═════ Provided information ═════

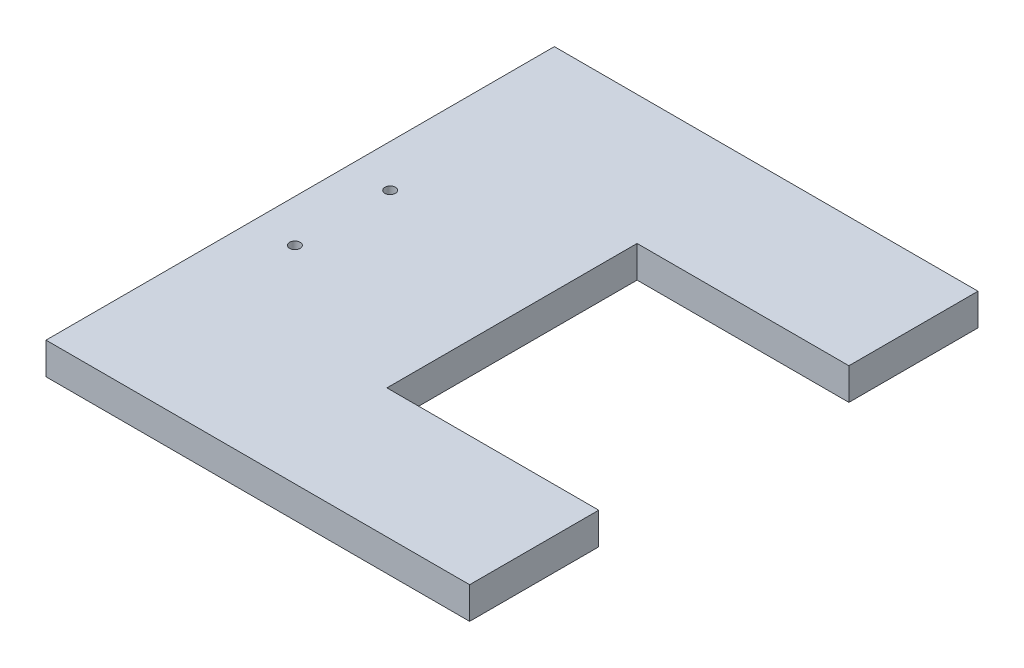
ISO-10303-21;
HEADER;
FILE_DESCRIPTION(('STEP AP214'),'2;1');
FILE_NAME('part.step','',(''),(''),'','','');
FILE_SCHEMA(('AUTOMOTIVE_DESIGN { 1 0 10303 214 1 1 1 1 }'));
ENDSEC;
DATA;
#1=APPLICATION_CONTEXT('core data for automotive mechanical design processes');
#2=APPLICATION_PROTOCOL_DEFINITION('international standard','automotive_design',2000,#1);
#3=PRODUCT_CONTEXT('',#1,'mechanical');
#4=PRODUCT('Part','Part','',(#3));
#5=PRODUCT_RELATED_PRODUCT_CATEGORY('part','',(#4));
#6=PRODUCT_DEFINITION_FORMATION('','',#4);
#7=PRODUCT_DEFINITION_CONTEXT('part definition',#1,'design');
#8=PRODUCT_DEFINITION('design','',#6,#7);
#9=PRODUCT_DEFINITION_SHAPE('','',#8);
#10=(LENGTH_UNIT() NAMED_UNIT(*) SI_UNIT(.MILLI.,.METRE.));
#11=(NAMED_UNIT(*) PLANE_ANGLE_UNIT() SI_UNIT($,.RADIAN.));
#12=(NAMED_UNIT(*) SI_UNIT($,.STERADIAN.) SOLID_ANGLE_UNIT());
#13=UNCERTAINTY_MEASURE_WITH_UNIT(LENGTH_MEASURE(1.E-05),#10,'distance_accuracy_value','');
#14=(GEOMETRIC_REPRESENTATION_CONTEXT(3) GLOBAL_UNCERTAINTY_ASSIGNED_CONTEXT((#13)) GLOBAL_UNIT_ASSIGNED_CONTEXT((#10,
#11,#12)) REPRESENTATION_CONTEXT('',''));
#15=CARTESIAN_POINT('',(0.,0.,0.));
#16=DIRECTION('',(0.,0.,1.));
#17=DIRECTION('',(1.,0.,0.));
#18=AXIS2_PLACEMENT_3D('',#15,#16,#17);
#19=CARTESIAN_POINT('',(0.,19.05,0.));
#20=DIRECTION('',(1.,0.,0.));
#21=DIRECTION('',(0.,0.,-1.));
#22=AXIS2_PLACEMENT_3D('',#19,#20,#21);
#23=PLANE('',#22);
#24=DIRECTION('',(0.,0.,1.));
#25=VECTOR('',#24,1.);
#26=CARTESIAN_POINT('',(0.,0.,0.));
#27=LINE('',#26,#25);
#28=CARTESIAN_POINT('',(0.,0.,-75.));
#29=VERTEX_POINT('',#28);
#30=CARTESIAN_POINT('',(0.,0.,75.));
#31=VERTEX_POINT('',#30);
#32=EDGE_CURVE('E156',#29,#31,#27,.T.);
#33=ORIENTED_EDGE('',*,*,#32,.F.);
#34=DIRECTION('',(0.,-1.,0.));
#35=VECTOR('',#34,1.);
#36=CARTESIAN_POINT('',(0.,19.05,-75.));
#37=LINE('',#36,#35);
#38=CARTESIAN_POINT('',(0.,19.05,-75.));
#39=VERTEX_POINT('',#38);
#40=EDGE_CURVE('E11',#39,#29,#37,.T.);
#41=ORIENTED_EDGE('',*,*,#40,.F.);
#42=DIRECTION('',(0.,0.,1.));
#43=VECTOR('',#42,1.);
#44=CARTESIAN_POINT('',(0.,19.05,0.));
#45=LINE('',#44,#43);
#46=CARTESIAN_POINT('',(0.,19.05,75.));
#47=VERTEX_POINT('',#46);
#48=EDGE_CURVE('E139',#39,#47,#45,.T.);
#49=ORIENTED_EDGE('',*,*,#48,.T.);
#50=DIRECTION('',(0.,-1.,0.));
#51=VECTOR('',#50,1.);
#52=CARTESIAN_POINT('',(0.,19.05,75.));
#53=LINE('',#52,#51);
#54=EDGE_CURVE('E87',#47,#31,#53,.T.);
#55=ORIENTED_EDGE('',*,*,#54,.T.);
#56=EDGE_LOOP('',(#33,#41,#49,#55));
#57=FACE_BOUND('',#56,.T.);
#58=ADVANCED_FACE('F37',(#57),#23,.T.);
#59=CARTESIAN_POINT('',(0.,19.05,-75.));
#60=DIRECTION('',(0.,0.,1.));
#61=DIRECTION('',(1.,0.,0.));
#62=AXIS2_PLACEMENT_3D('',#59,#60,#61);
#63=PLANE('',#62);
#64=DIRECTION('',(-1.,0.,0.));
#65=VECTOR('',#64,1.);
#66=CARTESIAN_POINT('',(0.,0.,-75.));
#67=LINE('',#66,#65);
#68=CARTESIAN_POINT('',(127.,0.,-75.));
#69=VERTEX_POINT('',#68);
#70=EDGE_CURVE('E160',#69,#29,#67,.T.);
#71=ORIENTED_EDGE('',*,*,#70,.F.);
#72=DIRECTION('',(0.,-1.,0.));
#73=VECTOR('',#72,1.);
#74=CARTESIAN_POINT('',(127.,19.05,-75.));
#75=LINE('',#74,#73);
#76=CARTESIAN_POINT('',(127.,19.05,-75.));
#77=VERTEX_POINT('',#76);
#78=EDGE_CURVE('E45',#77,#69,#75,.T.);
#79=ORIENTED_EDGE('',*,*,#78,.F.);
#80=DIRECTION('',(-1.,0.,0.));
#81=VECTOR('',#80,1.);
#82=CARTESIAN_POINT('',(0.,19.05,-75.));
#83=LINE('',#82,#81);
#84=EDGE_CURVE('E134',#77,#39,#83,.T.);
#85=ORIENTED_EDGE('',*,*,#84,.T.);
#86=ORIENTED_EDGE('',*,*,#40,.T.);
#87=EDGE_LOOP('',(#71,#79,#85,#86));
#88=FACE_BOUND('',#87,.T.);
#89=ADVANCED_FACE('F186',(#88),#63,.T.);
#90=CARTESIAN_POINT('',(127.,19.05,0.));
#91=DIRECTION('',(1.,0.,0.));
#92=DIRECTION('',(0.,0.,-1.));
#93=AXIS2_PLACEMENT_3D('',#90,#91,#92);
#94=PLANE('',#93);
#95=DIRECTION('',(0.,0.,1.));
#96=VECTOR('',#95,1.);
#97=CARTESIAN_POINT('',(127.,0.,0.));
#98=LINE('',#97,#96);
#99=CARTESIAN_POINT('',(127.,0.,-152.4));
#100=VERTEX_POINT('',#99);
#101=EDGE_CURVE('E164',#100,#69,#98,.T.);
#102=ORIENTED_EDGE('',*,*,#101,.F.);
#103=DIRECTION('',(0.,-1.,0.));
#104=VECTOR('',#103,1.);
#105=CARTESIAN_POINT('',(127.,19.05,-152.4));
#106=LINE('',#105,#104);
#107=CARTESIAN_POINT('',(127.,19.05,-152.4));
#108=VERTEX_POINT('',#107);
#109=EDGE_CURVE('E182',#108,#100,#106,.T.);
#110=ORIENTED_EDGE('',*,*,#109,.F.);
#111=DIRECTION('',(0.,0.,1.));
#112=VECTOR('',#111,1.);
#113=CARTESIAN_POINT('',(127.,19.05,0.));
#114=LINE('',#113,#112);
#115=EDGE_CURVE('E128',#108,#77,#114,.T.);
#116=ORIENTED_EDGE('',*,*,#115,.T.);
#117=ORIENTED_EDGE('',*,*,#78,.T.);
#118=EDGE_LOOP('',(#102,#110,#116,#117));
#119=FACE_BOUND('',#118,.T.);
#120=ADVANCED_FACE('F185',(#119),#94,.T.);
#121=CARTESIAN_POINT('',(0.,19.05,-152.4));
#122=DIRECTION('',(0.,0.,-1.));
#123=DIRECTION('',(-1.,0.,0.));
#124=AXIS2_PLACEMENT_3D('',#121,#122,#123);
#125=PLANE('',#124);
#126=DIRECTION('',(1.,0.,0.));
#127=VECTOR('',#126,1.);
#128=CARTESIAN_POINT('',(0.,0.,-152.4));
#129=LINE('',#128,#127);
#130=CARTESIAN_POINT('',(-127.,0.,-152.4));
#131=VERTEX_POINT('',#130);
#132=EDGE_CURVE('E169',#131,#100,#129,.T.);
#133=ORIENTED_EDGE('',*,*,#132,.F.);
#134=DIRECTION('',(0.,-1.,0.));
#135=VECTOR('',#134,1.);
#136=CARTESIAN_POINT('',(-127.,19.05,-152.4));
#137=LINE('',#136,#135);
#138=CARTESIAN_POINT('',(-127.,19.05,-152.4));
#139=VERTEX_POINT('',#138);
#140=EDGE_CURVE('E180',#139,#131,#137,.T.);
#141=ORIENTED_EDGE('',*,*,#140,.F.);
#142=DIRECTION('',(1.,0.,0.));
#143=VECTOR('',#142,1.);
#144=CARTESIAN_POINT('',(0.,19.05,-152.4));
#145=LINE('',#144,#143);
#146=EDGE_CURVE('E133',#139,#108,#145,.T.);
#147=ORIENTED_EDGE('',*,*,#146,.T.);
#148=ORIENTED_EDGE('',*,*,#109,.T.);
#149=EDGE_LOOP('',(#133,#141,#147,#148));
#150=FACE_BOUND('',#149,.T.);
#151=ADVANCED_FACE('F191',(#150),#125,.T.);
#152=CARTESIAN_POINT('',(-127.,19.05,0.));
#153=DIRECTION('',(1.,0.,0.));
#154=DIRECTION('',(0.,0.,-1.));
#155=AXIS2_PLACEMENT_3D('',#152,#153,#154);
#156=PLANE('',#155);
#157=DIRECTION('',(0.,0.,1.));
#158=VECTOR('',#157,1.);
#159=CARTESIAN_POINT('',(-127.,0.,0.));
#160=LINE('',#159,#158);
#161=CARTESIAN_POINT('',(-127.,0.,152.4));
#162=VERTEX_POINT('',#161);
#163=EDGE_CURVE('E173',#131,#162,#160,.T.);
#164=ORIENTED_EDGE('',*,*,#163,.T.);
#165=DIRECTION('',(0.,-1.,0.));
#166=VECTOR('',#165,1.);
#167=CARTESIAN_POINT('',(-127.,19.05,152.4));
#168=LINE('',#167,#166);
#169=CARTESIAN_POINT('',(-127.,19.05,152.4));
#170=VERTEX_POINT('',#169);
#171=EDGE_CURVE('E124',#170,#162,#168,.T.);
#172=ORIENTED_EDGE('',*,*,#171,.F.);
#173=DIRECTION('',(0.,0.,1.));
#174=VECTOR('',#173,1.);
#175=CARTESIAN_POINT('',(-127.,19.05,0.));
#176=LINE('',#175,#174);
#177=EDGE_CURVE('E111',#139,#170,#176,.T.);
#178=ORIENTED_EDGE('',*,*,#177,.F.);
#179=ORIENTED_EDGE('',*,*,#140,.T.);
#180=EDGE_LOOP('',(#164,#172,#178,#179));
#181=FACE_BOUND('',#180,.T.);
#182=ADVANCED_FACE('F203',(#181),#156,.F.);
#183=CARTESIAN_POINT('',(0.,19.05,152.4));
#184=DIRECTION('',(0.,0.,-1.));
#185=DIRECTION('',(-1.,0.,0.));
#186=AXIS2_PLACEMENT_3D('',#183,#184,#185);
#187=PLANE('',#186);
#188=DIRECTION('',(1.,0.,0.));
#189=VECTOR('',#188,1.);
#190=CARTESIAN_POINT('',(0.,0.,152.4));
#191=LINE('',#190,#189);
#192=CARTESIAN_POINT('',(127.,0.,152.4));
#193=VERTEX_POINT('',#192);
#194=EDGE_CURVE('E120',#162,#193,#191,.T.);
#195=ORIENTED_EDGE('',*,*,#194,.T.);
#196=DIRECTION('',(0.,-1.,0.));
#197=VECTOR('',#196,1.);
#198=CARTESIAN_POINT('',(127.,19.05,152.4));
#199=LINE('',#198,#197);
#200=CARTESIAN_POINT('',(127.,19.05,152.4));
#201=VERTEX_POINT('',#200);
#202=EDGE_CURVE('E117',#201,#193,#199,.T.);
#203=ORIENTED_EDGE('',*,*,#202,.F.);
#204=DIRECTION('',(1.,0.,0.));
#205=VECTOR('',#204,1.);
#206=CARTESIAN_POINT('',(0.,19.05,152.4));
#207=LINE('',#206,#205);
#208=EDGE_CURVE('E104',#170,#201,#207,.T.);
#209=ORIENTED_EDGE('',*,*,#208,.F.);
#210=ORIENTED_EDGE('',*,*,#171,.T.);
#211=EDGE_LOOP('',(#195,#203,#209,#210));
#212=FACE_BOUND('',#211,.T.);
#213=ADVANCED_FACE('F118',(#212),#187,.F.);
#214=CARTESIAN_POINT('',(127.,0.,75.));
#215=VERTEX_POINT('',#214);
#216=EDGE_CURVE('E170',#215,#193,#98,.T.);
#217=ORIENTED_EDGE('',*,*,#216,.F.);
#218=DIRECTION('',(0.,-1.,0.));
#219=VECTOR('',#218,1.);
#220=CARTESIAN_POINT('',(127.,19.05,75.));
#221=LINE('',#220,#219);
#222=CARTESIAN_POINT('',(127.,19.05,75.));
#223=VERTEX_POINT('',#222);
#224=EDGE_CURVE('E80',#223,#215,#221,.T.);
#225=ORIENTED_EDGE('',*,*,#224,.F.);
#226=EDGE_CURVE('E108',#223,#201,#114,.T.);
#227=ORIENTED_EDGE('',*,*,#226,.T.);
#228=ORIENTED_EDGE('',*,*,#202,.T.);
#229=EDGE_LOOP('',(#217,#225,#227,#228));
#230=FACE_BOUND('',#229,.T.);
#231=ADVANCED_FACE('F126',(#230),#94,.T.);
#232=CARTESIAN_POINT('',(0.,19.05,75.));
#233=DIRECTION('',(0.,0.,1.));
#234=DIRECTION('',(1.,0.,0.));
#235=AXIS2_PLACEMENT_3D('',#232,#233,#234);
#236=PLANE('',#235);
#237=DIRECTION('',(-1.,0.,0.));
#238=VECTOR('',#237,1.);
#239=CARTESIAN_POINT('',(0.,0.,75.));
#240=LINE('',#239,#238);
#241=EDGE_CURVE('E142',#215,#31,#240,.T.);
#242=ORIENTED_EDGE('',*,*,#241,.T.);
#243=ORIENTED_EDGE('',*,*,#54,.F.);
#244=DIRECTION('',(-1.,0.,0.));
#245=VECTOR('',#244,1.);
#246=CARTESIAN_POINT('',(0.,19.05,75.));
#247=LINE('',#246,#245);
#248=EDGE_CURVE('E53',#223,#47,#247,.T.);
#249=ORIENTED_EDGE('',*,*,#248,.F.);
#250=ORIENTED_EDGE('',*,*,#224,.T.);
#251=EDGE_LOOP('',(#242,#243,#249,#250));
#252=FACE_BOUND('',#251,.T.);
#253=ADVANCED_FACE('F210',(#252),#236,.F.);
#254=CARTESIAN_POINT('',(0.,19.05,0.));
#255=DIRECTION('',(0.,1.,0.));
#256=DIRECTION('',(0.,0.,1.));
#257=AXIS2_PLACEMENT_3D('',#254,#255,#256);
#258=PLANE('',#257);
#259=CARTESIAN_POINT('',(-101.6,19.05,-28.575));
#260=DIRECTION('',(0.,1.,0.));
#261=DIRECTION('',(0.,0.,1.));
#262=AXIS2_PLACEMENT_3D('',#259,#260,#261);
#263=CIRCLE('',#262,3.175);
#264=CARTESIAN_POINT('',(-101.6,19.05,-25.4));
#265=VERTEX_POINT('',#264);
#266=EDGE_CURVE('E151',#265,#265,#263,.T.);
#267=ORIENTED_EDGE('',*,*,#266,.F.);
#268=EDGE_LOOP('',(#267));
#269=FACE_BOUND('',#268,.T.);
#270=CARTESIAN_POINT('',(-101.6,19.05,28.575));
#271=DIRECTION('',(0.,1.,0.));
#272=DIRECTION('',(0.,0.,1.));
#273=AXIS2_PLACEMENT_3D('',#270,#271,#272);
#274=CIRCLE('',#273,3.175);
#275=CARTESIAN_POINT('',(-101.6,19.05,31.75));
#276=VERTEX_POINT('',#275);
#277=EDGE_CURVE('E145',#276,#276,#274,.T.);
#278=ORIENTED_EDGE('',*,*,#277,.F.);
#279=EDGE_LOOP('',(#278));
#280=FACE_BOUND('',#279,.T.);
#281=ORIENTED_EDGE('',*,*,#48,.F.);
#282=ORIENTED_EDGE('',*,*,#84,.F.);
#283=ORIENTED_EDGE('',*,*,#115,.F.);
#284=ORIENTED_EDGE('',*,*,#146,.F.);
#285=ORIENTED_EDGE('',*,*,#177,.T.);
#286=ORIENTED_EDGE('',*,*,#208,.T.);
#287=ORIENTED_EDGE('',*,*,#226,.F.);
#288=ORIENTED_EDGE('',*,*,#248,.T.);
#289=EDGE_LOOP('',(#281,#282,#283,#284,#285,#286,#287,#288));
#290=FACE_BOUND('',#289,.T.);
#291=ADVANCED_FACE('F106',(#269,#280,#290),#258,.T.);
#292=CARTESIAN_POINT('',(0.,0.,0.));
#293=DIRECTION('',(0.,1.,0.));
#294=DIRECTION('',(0.,0.,1.));
#295=AXIS2_PLACEMENT_3D('',#292,#293,#294);
#296=PLANE('',#295);
#297=CARTESIAN_POINT('',(-101.6,0.,-28.575));
#298=DIRECTION('',(0.,1.,0.));
#299=DIRECTION('',(0.,0.,1.));
#300=AXIS2_PLACEMENT_3D('',#297,#298,#299);
#301=CIRCLE('',#300,3.175);
#302=CARTESIAN_POINT('',(-101.6,0.,-25.4));
#303=VERTEX_POINT('',#302);
#304=EDGE_CURVE('E154',#303,#303,#301,.T.);
#305=ORIENTED_EDGE('',*,*,#304,.T.);
#306=EDGE_LOOP('',(#305));
#307=FACE_BOUND('',#306,.T.);
#308=CARTESIAN_POINT('',(-101.6,0.,28.575));
#309=DIRECTION('',(0.,1.,0.));
#310=DIRECTION('',(0.,0.,1.));
#311=AXIS2_PLACEMENT_3D('',#308,#309,#310);
#312=CIRCLE('',#311,3.175);
#313=CARTESIAN_POINT('',(-101.6,0.,31.75));
#314=VERTEX_POINT('',#313);
#315=EDGE_CURVE('E148',#314,#314,#312,.T.);
#316=ORIENTED_EDGE('',*,*,#315,.T.);
#317=EDGE_LOOP('',(#316));
#318=FACE_BOUND('',#317,.T.);
#319=ORIENTED_EDGE('',*,*,#32,.T.);
#320=ORIENTED_EDGE('',*,*,#241,.F.);
#321=ORIENTED_EDGE('',*,*,#216,.T.);
#322=ORIENTED_EDGE('',*,*,#194,.F.);
#323=ORIENTED_EDGE('',*,*,#163,.F.);
#324=ORIENTED_EDGE('',*,*,#132,.T.);
#325=ORIENTED_EDGE('',*,*,#101,.T.);
#326=ORIENTED_EDGE('',*,*,#70,.T.);
#327=EDGE_LOOP('',(#319,#320,#321,#322,#323,#324,#325,#326));
#328=FACE_BOUND('',#327,.T.);
#329=ADVANCED_FACE('F187',(#307,#318,#328),#296,.F.);
#330=CARTESIAN_POINT('',(-101.6,0.,28.575));
#331=DIRECTION('',(0.,1.,0.));
#332=DIRECTION('',(0.,0.,1.));
#333=AXIS2_PLACEMENT_3D('',#330,#331,#332);
#334=CYLINDRICAL_SURFACE('',#333,3.175);
#335=CARTESIAN_POINT('',(-101.6,0.,31.75));
#336=CARTESIAN_POINT('',(-101.6,0.1984375,31.75));
#337=CARTESIAN_POINT('',(-101.6,0.396875,31.75));
#338=CARTESIAN_POINT('',(-101.6,0.79375,31.75));
#339=CARTESIAN_POINT('',(-101.6,0.9921875,31.75));
#340=CARTESIAN_POINT('',(-101.6,1.3890625,31.75));
#341=CARTESIAN_POINT('',(-101.6,1.5875,31.75));
#342=CARTESIAN_POINT('',(-101.6,1.984375,31.75));
#343=CARTESIAN_POINT('',(-101.6,2.1828125,31.75));
#344=CARTESIAN_POINT('',(-101.6,2.5796875,31.75));
#345=CARTESIAN_POINT('',(-101.6,2.778125,31.75));
#346=CARTESIAN_POINT('',(-101.6,3.175,31.75));
#347=CARTESIAN_POINT('',(-101.6,3.3734375,31.75));
#348=CARTESIAN_POINT('',(-101.6,3.7703125,31.75));
#349=CARTESIAN_POINT('',(-101.6,3.96875,31.75));
#350=CARTESIAN_POINT('',(-101.6,4.365625,31.75));
#351=CARTESIAN_POINT('',(-101.6,4.5640625,31.75));
#352=CARTESIAN_POINT('',(-101.6,4.9609375,31.75));
#353=CARTESIAN_POINT('',(-101.6,5.159375,31.75));
#354=CARTESIAN_POINT('',(-101.6,5.55625,31.75));
#355=CARTESIAN_POINT('',(-101.6,5.7546875,31.75));
#356=CARTESIAN_POINT('',(-101.6,6.1515625,31.75));
#357=CARTESIAN_POINT('',(-101.6,6.35,31.75));
#358=CARTESIAN_POINT('',(-101.6,6.746875,31.75));
#359=CARTESIAN_POINT('',(-101.6,6.9453125,31.75));
#360=CARTESIAN_POINT('',(-101.6,7.3421875,31.75));
#361=CARTESIAN_POINT('',(-101.6,7.540625,31.75));
#362=CARTESIAN_POINT('',(-101.6,7.9375,31.75));
#363=CARTESIAN_POINT('',(-101.6,8.1359375,31.75));
#364=CARTESIAN_POINT('',(-101.6,8.5328125,31.75));
#365=CARTESIAN_POINT('',(-101.6,8.73125,31.75));
#366=CARTESIAN_POINT('',(-101.6,9.128125,31.75));
#367=CARTESIAN_POINT('',(-101.6,9.3265625,31.75));
#368=CARTESIAN_POINT('',(-101.6,9.7234375,31.75));
#369=CARTESIAN_POINT('',(-101.6,9.921875,31.75));
#370=CARTESIAN_POINT('',(-101.6,10.31875,31.75));
#371=CARTESIAN_POINT('',(-101.6,10.5171875,31.75));
#372=CARTESIAN_POINT('',(-101.6,10.9140625,31.75));
#373=CARTESIAN_POINT('',(-101.6,11.1125,31.75));
#374=CARTESIAN_POINT('',(-101.6,11.509375,31.75));
#375=CARTESIAN_POINT('',(-101.6,11.7078125,31.75));
#376=CARTESIAN_POINT('',(-101.6,12.1046875,31.75));
#377=CARTESIAN_POINT('',(-101.6,12.303125,31.75));
#378=CARTESIAN_POINT('',(-101.6,12.7,31.75));
#379=CARTESIAN_POINT('',(-101.6,12.8984375,31.75));
#380=CARTESIAN_POINT('',(-101.6,13.2953125,31.75));
#381=CARTESIAN_POINT('',(-101.6,13.49375,31.75));
#382=CARTESIAN_POINT('',(-101.6,13.890625,31.75));
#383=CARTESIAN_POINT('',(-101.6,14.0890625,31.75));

═════

▶ **Task directions**: Print the entries as they stand, first line through the line holding "#35=VECTOR('',#34,1.);", with every picture removed.

▶ **Written response**:
ISO-10303-21;
HEADER;
FILE_DESCRIPTION(('STEP AP214'),'2;1');
FILE_NAME('part.step','',(''),(''),'','','');
FILE_SCHEMA(('AUTOMOTIVE_DESIGN { 1 0 10303 214 1 1 1 1 }'));
ENDSEC;
DATA;
#1=APPLICATION_CONTEXT('core data for automotive mechanical design processes');
#2=APPLICATION_PROTOCOL_DEFINITION('international standard','automotive_design',2000,#1);
#3=PRODUCT_CONTEXT('',#1,'mechanical');
#4=PRODUCT('Part','Part','',(#3));
#5=PRODUCT_RELATED_PRODUCT_CATEGORY('part','',(#4));
#6=PRODUCT_DEFINITION_FORMATION('','',#4);
#7=PRODUCT_DEFINITION_CONTEXT('part definition',#1,'design');
#8=PRODUCT_DEFINITION('design','',#6,#7);
#9=PRODUCT_DEFINITION_SHAPE('','',#8);
#10=(LENGTH_UNIT() NAMED_UNIT(*) SI_UNIT(.MILLI.,.METRE.));
#11=(NAMED_UNIT(*) PLANE_ANGLE_UNIT() SI_UNIT($,.RADIAN.));
#12=(NAMED_UNIT(*) SI_UNIT($,.STERADIAN.) SOLID_ANGLE_UNIT());
#13=UNCERTAINTY_MEASURE_WITH_UNIT(LENGTH_MEASURE(1.E-05),#10,'distance_accuracy_value','');
#14=(GEOMETRIC_REPRESENTATION_CONTEXT(3) GLOBAL_UNCERTAINTY_ASSIGNED_CONTEXT((#13)) GLOBAL_UNIT_ASSIGNED_CONTEXT((#10,
#11,#12)) REPRESENTATION_CONTEXT('',''));
#15=CARTESIAN_POINT('',(0.,0.,0.));
#16=DIRECTION('',(0.,0.,1.));
#17=DIRECTION('',(1.,0.,0.));
#18=AXIS2_PLACEMENT_3D('',#15,#16,#17);
#19=CARTESIAN_POINT('',(0.,19.05,0.));
#20=DIRECTION('',(1.,0.,0.));
#21=DIRECTION('',(0.,0.,-1.));
#22=AXIS2_PLACEMENT_3D('',#19,#20,#21);
#23=PLANE('',#22);
#24=DIRECTION('',(0.,0.,1.));
#25=VECTOR('',#24,1.);
#26=CARTESIAN_POINT('',(0.,0.,0.));
#27=LINE('',#26,#25);
#28=CARTESIAN_POINT('',(0.,0.,-75.));
#29=VERTEX_POINT('',#28);
#30=CARTESIAN_POINT('',(0.,0.,75.));
#31=VERTEX_POINT('',#30);
#32=EDGE_CURVE('E156',#29,#31,#27,.T.);
#33=ORIENTED_EDGE('',*,*,#32,.F.);
#34=DIRECTION('',(0.,-1.,0.));
#35=VECTOR('',#34,1.);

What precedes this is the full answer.